Start of Block

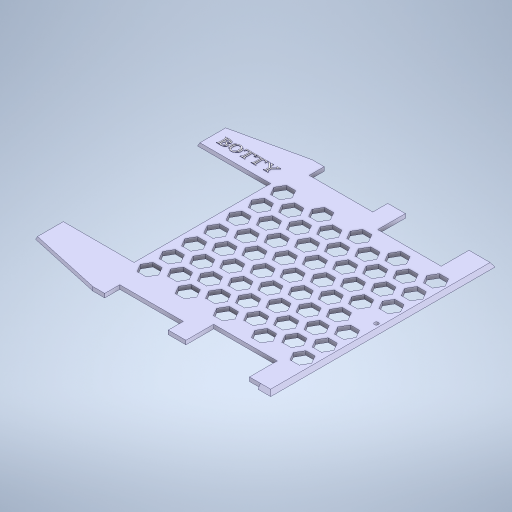
# Autodesk Inventor part: Bot v2 Top
Saved by Autodesk Inventor 2024 (Build 280153000, 153)
## iProperties
Created: 2023-11-01
Part Number: Bot v2 Top
Material: ABS Plastic
Document SubType Name: Modeling
Designer: CJ110
Density: 1.06 g/cm^3
Appearance: Smooth - White
Mass: 94.8046 g
Surface Area: 600.275 cm^2
Volume: 89.4383 cm^3
Author: CJ110
## iProperties of the stored document Bot v2 Top_3DPrint.ipt
Created: 2023-11-11
Part Number: Bot v2 Top_3DPrint
Material: Generic
Document SubType Name: Modeling
Designer: CJ110
Density: 1 g/cm^3
Appearance: Default
Author: CJ110
Autodesk Inventor part; units mm, degrees
(part 1 of 2)
ref_plane "YZ Plane" through (0, 0, 0) normal (1, 0, 0) x (0, 1, 0)
ref_plane "XZ Plane" through (0, 0, 0) normal (0, 1, 0) x (-1, 0, 0)
sketch "Sketch1" plane through (0, 0, 0) normal (0, 1, 0) x (-1, 0, 0)
  line L0 (0, 0) -> (144.1069, 0)
  line L1 (144.1069, 176.6621) -> (0, 176.6621)
  line L2 (0, 176.6621) -> (0, 0)
  line L3 (201.4652, 142.306) -> (144.8841, 142.306)
  line L4 (144.8841, 142.306) -> (144.8841, 34.356)
  line L5 (144.8841, 34.356) -> (201.4652, 34.356)
  line L6 (201.4652, 88.331) -> (0, 88.331) construction
  line L7 (144.1069, 176.6621) -> (201.4652, 164.0459)
  line L8 (201.4652, 12.6162) -> (144.1069, 0)
  line L9 (201.4652, 12.6162) -> (201.4652, 34.356)
  line L10 (201.4652, 142.306) -> (201.4652, 164.0459)
  line L11 (144.2491, 33.721) -> (144.2491, 142.941)
  line L12 (144.2491, 142.941) -> (200.8302, 142.941)
  line L13 (200.8302, 142.941) -> (200.8302, 163.5354)
  line L14 (200.8302, 163.5354) -> (144.0379, 176.0271)
  line L15 (144.0379, 176.0271) -> (0.635, 176.0271)
  line L16 (0.635, 176.0271) -> (0.635, 0.635)
  line L17 (0.635, 0.635) -> (144.0379, 0.635)
  line L18 (144.0379, 0.635) -> (200.8302, 13.1267)
  line L19 (200.8302, 13.1267) -> (200.8302, 33.721)
  line L20 (200.8302, 33.721) -> (144.2491, 33.721)
  line L21 (0.635, 176.0271) -> (0, 176.0271)
  line L22 (0.635, 0.635) -> (0, 0.635)
  point P0 (144.8841, 88.331)
  dimension "d0" = 176.6621
  dimension "d2" = 56.581
  dimension "d3" = 107.95
  dimension "d10" = 21.7399
  dimension "d11" = 144.1069
  dimension "d12" = 21.7399
  dimension "d52" = 201.4652
  dimension "d53" = 144.1069
  dimension "d54" = 0.635
  constraints: 46 end point, 12 perpendicular, 6 parallel, 3 horizontal, 3 point on line, 2 collinear, 2 midpoint, 9 other
  measures "d0" distance of L1.end L0.start
  measures "d2" distance of L3.start L3.end
  measures "d3" distance of L3.end L4.end
  measures "d10" distance from line of L7.end L3
  measures "d11" distance from line of L0.end L2
  measures "d12" distance from line of L8.start L5
  measures "d52" distance between parallel lines of L2 L9
  measures "d53" distance from line of L2 L1.start
  measures "d54" distance between parallel lines of L4 L11
extrude "Extrusion1" add sketch "Sketch1" along normal blind 3.175 contours L2 L21 L16 L22 | L16 L15 L14 L13 L12 L11 L20 L19 L18 L17
chamfer "Chamfer1" [suppressed]
sketch "Sketch2" plane through (0, 0, 0) normal (0, -1, 0) x (1, 0, 0)
  line L0 (0, 176.0271) -> (0, 0.635) projected
  line L1 (-145.8366, 33.721) -> (-145.8366, 142.941)
  line L2 (-144.0379, 176.0271) -> (0, 176.0271) projected
  line L3 (-200.8302, 163.5354) -> (-144.0379, 176.0271) projected
  line L4 (-200.8302, 142.941) -> (-200.8302, 163.5354) projected
  line L5 (-144.2491, 142.941) -> (-200.8302, 142.941) projected
  line L6 (-144.2491, 33.721) -> (-144.2491, 142.941) projected
  line L7 (-200.8302, 33.721) -> (-144.2491, 33.721) projected
  line L8 (-200.8302, 13.1267) -> (-200.8302, 33.721) projected
  line L9 (-144.0379, 0.635) -> (-200.8302, 13.1267) projected
  line L10 (0, 0.635) -> (-144.0379, 0.635) projected
  point P0 (0, 0)
  dimension "d55" = 1.5875
  constraints: 2 end point, 2 point on line
  measures "d55" distance between parallel lines of L6 L1
extrude "Extrusion2" add sketch "Sketch2" against normal blind 1.5875 contours L5 L6 L7 L1
sketch "Sketch3" plane through (0, 0, 195.7121) normal (1, 0, 0) x (0, 0, -1)
  line L0 (195.7121, 20.32) -> (195.7121, 0)
  line L1 (195.7121, 20.32) -> (183.0121, 20.32)
  line L2 (183.0121, 20.32) -> (195.7121, 0)
  line L3 (19.685, 0) -> (195.0771, 0) projected
  line L4 (19.685, 3.175) -> (195.0771, 3.175) projected
  line L5 (0, 0) -> (12.7, 20.32)
  line L6 (12.7, 20.32) -> (0, 20.32)
  line L7 (0, 20.32) -> (0, 0)
  line L8 (195.0771, 0) -> (195.0771, 3.175) projected
  line L9 (19.685, 0) -> (19.685, 3.175) projected
  point P0 (195.7121, 3.175)
  point P1 (193.7277, 3.175)
  point P2 (1.9844, 3.175)
  point P3 (195.0771, 1.016)
  point P4 (0.635, 1.016)
  dimension "d18" = 20.32
  dimension "d19" = 12.7
  dimension "d20" = 20.32
  dimension "d21" = 12.7
  constraints: 12 end point, 2 coincident, 2 horizontal, 2 vertical, 1 horizontal alignment
  measures "d18" distance of L0.start L0.end
  measures "d19" distance of L0.start L1.end
  measures "d20" distance of L6.end L5.start
  measures "d21" distance of L5.end L6.end
extrude "Extrusion3" [suppressed]
sketch "Sketch4" plane through (-147.1066, 0, 142.941) normal (0, 0, -1) x (-1, 0, 0)
  line L0 (53.7235, 0) -> (60.0735, 0)
  line L1 (53.7235, 0) -> (53.7235, 10.16)
  line L2 (53.7235, 10.16) -> (60.0735, 0)
  line L3 (53.7235, 0) -> (53.7235, 3.175) projected
  line L4 (-3.0688, 0) -> (53.7235, 0) projected
  line L5 (53.7235, 3.175) -> (55.7079, 0)
  point P0 (-147.1066, 0)
  point P1 (53.7235, 3.175)
  dimension "d38" = 6.35
  dimension "d39" = 10.16
  constraints: 8 end point, 2 collinear, 1 horizontal, 1 parallel, 1 point on line, 1 vertical
  measures "d38" distance of L0.start L0.end
  measures "d39" distance of L0.start L1.end
extrude "Extrusion4" add sketch "Sketch4" against normal up to surface contours L1 L5 L0 surface through (-200.8302, 0, 163.5354) normal (-0.2148189, 0, 0.9766539)
sketch "Sketch5" plane through (0, 3.175, 0) normal (0, 1, 0) x (1, 0, 0)
  line L0 (-144.1069, 0) -> (-201.4652, -22.1412) projected
  line L1 (-172.786, -11.0706) -> (-139.2855, -97.856)
  line L2 (-139.2855, -97.856) -> (-172.786, -184.6415)
  line L3 (-201.4652, -173.5709) -> (-144.1069, -195.7121) projected
  point P0 (0, 0)
  point P1 (-149.5475, -1.9844)
  point P2 (-199.4808, -23.2787)
  point P3 (-199.4808, -176.4009)
  point P4 (-149.5475, -197.6952)
  point P5 (-201.4652, -22.1412)
  point P6 (-144.1069, 0)
  point P7 (-146.116, -195.7121)
  constraints: 4 end point, 6 other
ref_plane "Work Plane1" through (-139.2855, 3.175, 97.856) normal (-0.9329073, 0, -0.3601166) x (-0.3601166, 0, 0.9329073)
ref_plane "Work Plane2" through (-172.786, 3.175, 11.0706) normal (-0.9329073, 0, 0.3601166) x (0.3601166, 0, 0.9329073)
sketch "Sketch6" plane through (-139.2855, 3.175, 97.856) normal (-0.9329073, 0, -0.3601166) x (-0.3601166, 0, 0.9329073)
  line L0 (82.1072, 17.145) -> (94.8072, -3.175)
  line L1 (94.8072, -3.175) -> (94.8072, 17.145)
  line L2 (94.8072, 17.145) -> (82.1072, 17.145)
  point P0 (-141.4496, -3.175)
  dimension "d30" = 12.7
  dimension "d31" = 20.32
  constraints: 6 end point, 1 coincident, 1 perpendicular, 1 vertical
  measures "d30" distance of L1.end L0.start
  measures "d31" distance of L0.end L1.end
extrude "Extrusion5" [suppressed]
sketch "Sketch7" plane through (-172.786, 3.175, 11.0706) normal (-0.9329073, 0, 0.3601166) x (0.3601166, 0, 0.9329073)
  line L0 (12.7, 17.145) -> (0, -3.175)
  line L1 (0, -3.175) -> (0, 17.145)
  line L2 (0, 17.145) -> (12.7, 17.145)
  point P0 (51.8953, -3.175)
  point P1 (0, -3.175)
  dimension "d34" = 12.7
  dimension "d35" = 20.32
  constraints: 6 end point, 1 coincident, 1 perpendicular, 1 vertical
  measures "d34" distance of L1.end L0.start
  measures "d35" distance of L0.end L1.end
extrude "Extrusion6" [suppressed]
ref_plane "Work Plane3" through (-144.2491, 1.5875, 88.331) normal (0, 0, -1) x (-1, 0, 0)
mirror "Mirror1" about plane through (-144.2491, 1.5875, 88.331) normal (0, 0, -1) of "Extrusion4"
sketch "Sketch8" plane through (0, 0, 176.6621) normal (1, 0, 0) x (0, 0, -1)
  line L0 (0.635, 0) -> (13.5632, 0) projected
  line L1 (0.635, 0) -> (-5.715, 0)
  line L2 (0.635, 0) -> (0.635, 10.16)
  line L3 (0.635, 10.16) -> (-5.715, 0)
  line L4 (0.635, 3.175) -> (-1.3494, 0)
  line L5 (0.635, 0) -> (0.635, 3.175) projected
  line L6 (0.635, 0) -> (176.0271, 0) projected
  line L7 (176.0271, 0) -> (176.0271, 3.175) projected
  line L8 (0.635, 3.175) -> (176.0271, 3.175) projected
  line L9 (0.635, 0) -> (0.635, 3.175) projected
  point P0 (176.6621, 0)
  point P1 (22.9072, 0)
  dimension "d40" = 6.35
  dimension "d41" = 10.16
  constraints: 8 end point, 2 collinear, 1 horizontal, 1 parallel, 1 point on line, 1 vertical
  measures "d40" distance of L0.start L1.end
  measures "d41" distance of L0.start L2.end
extrude "Extrusion7" add sketch "Sketch8" against normal blind 10.16 contours L1 L4 L2
mirror "Mirror2" about plane through (-144.2491, 1.5875, 88.331) normal (0, 0, -1) of "Extrusion7"
sketch "Sketch9" plane through (0, 3.175, 0) normal (0, 1, 0) x (1, 0, 0)
  line L0 (-69.6824, -175.4708) -> (-18.8824, -175.4708)
  line L1 (-18.8824, -175.4708) -> (-18.8824, -153.8808)
  line L2 (-18.8824, -153.8808) -> (-69.6824, -153.8808)
  line L3 (-69.6824, -153.8808) -> (-69.6824, -175.4708)
  line L4 (-134.5971, -175.4708) -> (-83.7971, -175.4708)
  line L5 (-83.7971, -175.4708) -> (-83.7971, -164.0408)
  line L6 (-83.7971, -164.0408) -> (-134.5971, -164.0408)
  line L7 (-134.5971, -164.0408) -> (-134.5971, -175.4708)
  line L8 (-144.2491, -33.721) -> (-144.2491, -142.941) projected
  line L9 (-144.2491, -88.331) -> (0, -88.331) construction
  line L10 (0, -176.0271) -> (0, -0.635) projected
  line L11 (-145.8366, -33.721) -> (-145.8366, -142.941) projected
  line L12 (-69.6824, -1.1913) -> (-18.8824, -1.1913)
  line L13 (-18.8824, -0.635) -> (-18.8824, -22.7813)
  line L14 (-18.8824, -22.7813) -> (-69.6824, -22.7813)
  line L15 (-69.6824, -22.7813) -> (-69.6824, -0.635)
  line L16 (-134.5971, -1.1913) -> (-83.7971, -1.1913)
  line L17 (-83.7971, -0.635) -> (-83.7971, -12.6213)
  line L18 (-83.7971, -12.6213) -> (-134.5971, -12.6213)
  line L19 (-134.5971, -12.6213) -> (-134.5971, -0.635)
  line L20 (0, -0.635) -> (0, -176.0271)
  line L21 (-69.6824, -175.4708) -> (-69.6824, -176.0271)
  line L22 (-144.0379, -176.0271) -> (-10.16, -176.0271) projected
  line L23 (-18.8824, -175.4708) -> (-18.8824, -176.0271)
  line L24 (-83.7971, -175.4708) -> (-83.7971, -176.0271)
  line L25 (-134.5971, -175.4708) -> (-134.5971, -176.0271)
  line L26 (0, -176.0271) -> (0, -0.635) projected
  line L27 (0, -0.635) -> (-10.16, -0.635) projected
  line L28 (-10.16, -0.635) -> (-144.0379, -0.635) projected
  line L29 (-144.0379, -0.635) -> (-200.8302, -13.1267) projected
  line L30 (-200.8302, -13.1267) -> (-200.8302, -33.721) projected
  line L31 (-200.8302, -33.721) -> (-144.2491, -33.721) projected
  line L32 (-144.2491, -33.721) -> (-144.2491, -142.941) projected
  line L33 (-144.2491, -142.941) -> (-200.8302, -142.941) projected
  line L34 (-200.8302, -142.941) -> (-200.8302, -163.5354) projected
  line L35 (-200.8302, -163.5354) -> (-144.0379, -176.0271) projected
  line L36 (-144.0379, -176.0271) -> (-10.16, -176.0271) projected
  line L37 (-10.16, -176.0271) -> (0, -176.0271) projected
  point P0 (0, 0)
  point P1 (-44.2824, -153.8808)
  point P2 (-109.1971, -164.0408)
  point P3 (-44.2824, -22.7813)
  point P4 (-109.1971, -12.6213)
  point P5 (-83.7971, -176.0271)
  point P6 (-18.8824, -176.0271)
  dimension "d44" = 11.43
  dimension "d45" = 21.59
  dimension "d60" = 65.5498
  dimension "d61" = 50.8
  dimension "d62" = 50.8
  dimension "d63" = 64.9148
  dimension "d69" = 9.652
  constraints: 44 end point, 14 point on line, 12 symmetric about line, 5 perpendicular, 4 midpoint, 4 parallel, 2 horizontal, 1 vertical
  measures "d44" distance between parallel lines of L6 L4
  measures "d45" distance between parallel lines of L2 L0
  measures "d60" distance between parallel lines of L9 L2
  measures "d61" distance between parallel lines of L7 L5
  measures "d62" distance of L1.end L2.end
  measures "d63" horizontal distance of point (-44.282, -153.881) point (-109.197, -164.041)
  measures "d69" distance between parallel lines of L7 L8
sketch "Sketch11" plane through (-144.2491, 1.5875, 88.331) normal (0, 0, -1) x (-1, 0, 0)
  line L0 (-144.2491, 1.5875) -> (-144.2491, -1.5875) projected
  line L1 (-144.2491, -1.5875) -> (-150.5991, -1.5875)
  line L2 (-150.5991, -1.5875) -> (-144.2491, 8.5725)
  line L3 (-144.2491, 8.5725) -> (-144.2491, -1.5875)
  line L4 (-144.2491, -1.5875) -> (-142.2648, 1.5875)
  line L5 (-134.0891, 1.5875) -> (-144.2491, 1.5875) projected
  dimension "d56" = 6.35
  dimension "d57" = 10.16
  constraints: 8 end point, 1 horizontal, 1 parallel, 1 perpendicular, 1 point on line
  measures "d56" distance of L0.end L1.end
  measures "d57" distance of L2.end L0.end
extrude "Extrusion9" cut sketch "Sketch11" along normal through all both and the other way through all contours L5 L4 L0
extrude "Extrusion10" cut sketch "Sketch9" against normal through all contours L3 L2 L1 L0 | L0 L23 L22 L21 | L22 L25 L4 L24 | L4 L7 L6 L5 | L13 L12 L15 L28 | L13 L14 L15 L12 | L17 L16 L19 L28 | L17 L18 L19 L16
sketch "Sketch12" plane through (0, 3.175, 0) normal (0, 1, 0) x (1, 0, 0)
  line L0 (-1.9844, -176.0271) -> (-1.9844, -0.635) projected
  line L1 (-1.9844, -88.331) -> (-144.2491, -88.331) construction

End of Block

◆ WORK REQUIRED
All that is wanted is an exact copy of the lines above from the one with "line L7 (176.0271, 0)" through the one with "line L0 (-69.6824, -175.4708)", with both ends included.

◆ EXERCISE ANSWER
  line L7 (176.0271, 0) -> (176.0271, 3.175) projected
  line L8 (0.635, 3.175) -> (176.0271, 3.175) projected
  line L9 (0.635, 0) -> (0.635, 3.175) projected
  point P0 (176.6621, 0)
  point P1 (22.9072, 0)
  dimension "d40" = 6.35
  dimension "d41" = 10.16
  constraints: 8 end point, 2 collinear, 1 horizontal, 1 parallel, 1 point on line, 1 vertical
  measures "d40" distance of L0.start L1.end
  measures "d41" distance of L0.start L2.end
extrude "Extrusion7" add sketch "Sketch8" against normal blind 10.16 contours L1 L4 L2
mirror "Mirror2" about plane through (-144.2491, 1.5875, 88.331) normal (0, 0, -1) of "Extrusion7"
sketch "Sketch9" plane through (0, 3.175, 0) normal (0, 1, 0) x (1, 0, 0)
  line L0 (-69.6824, -175.4708) -> (-18.8824, -175.4708)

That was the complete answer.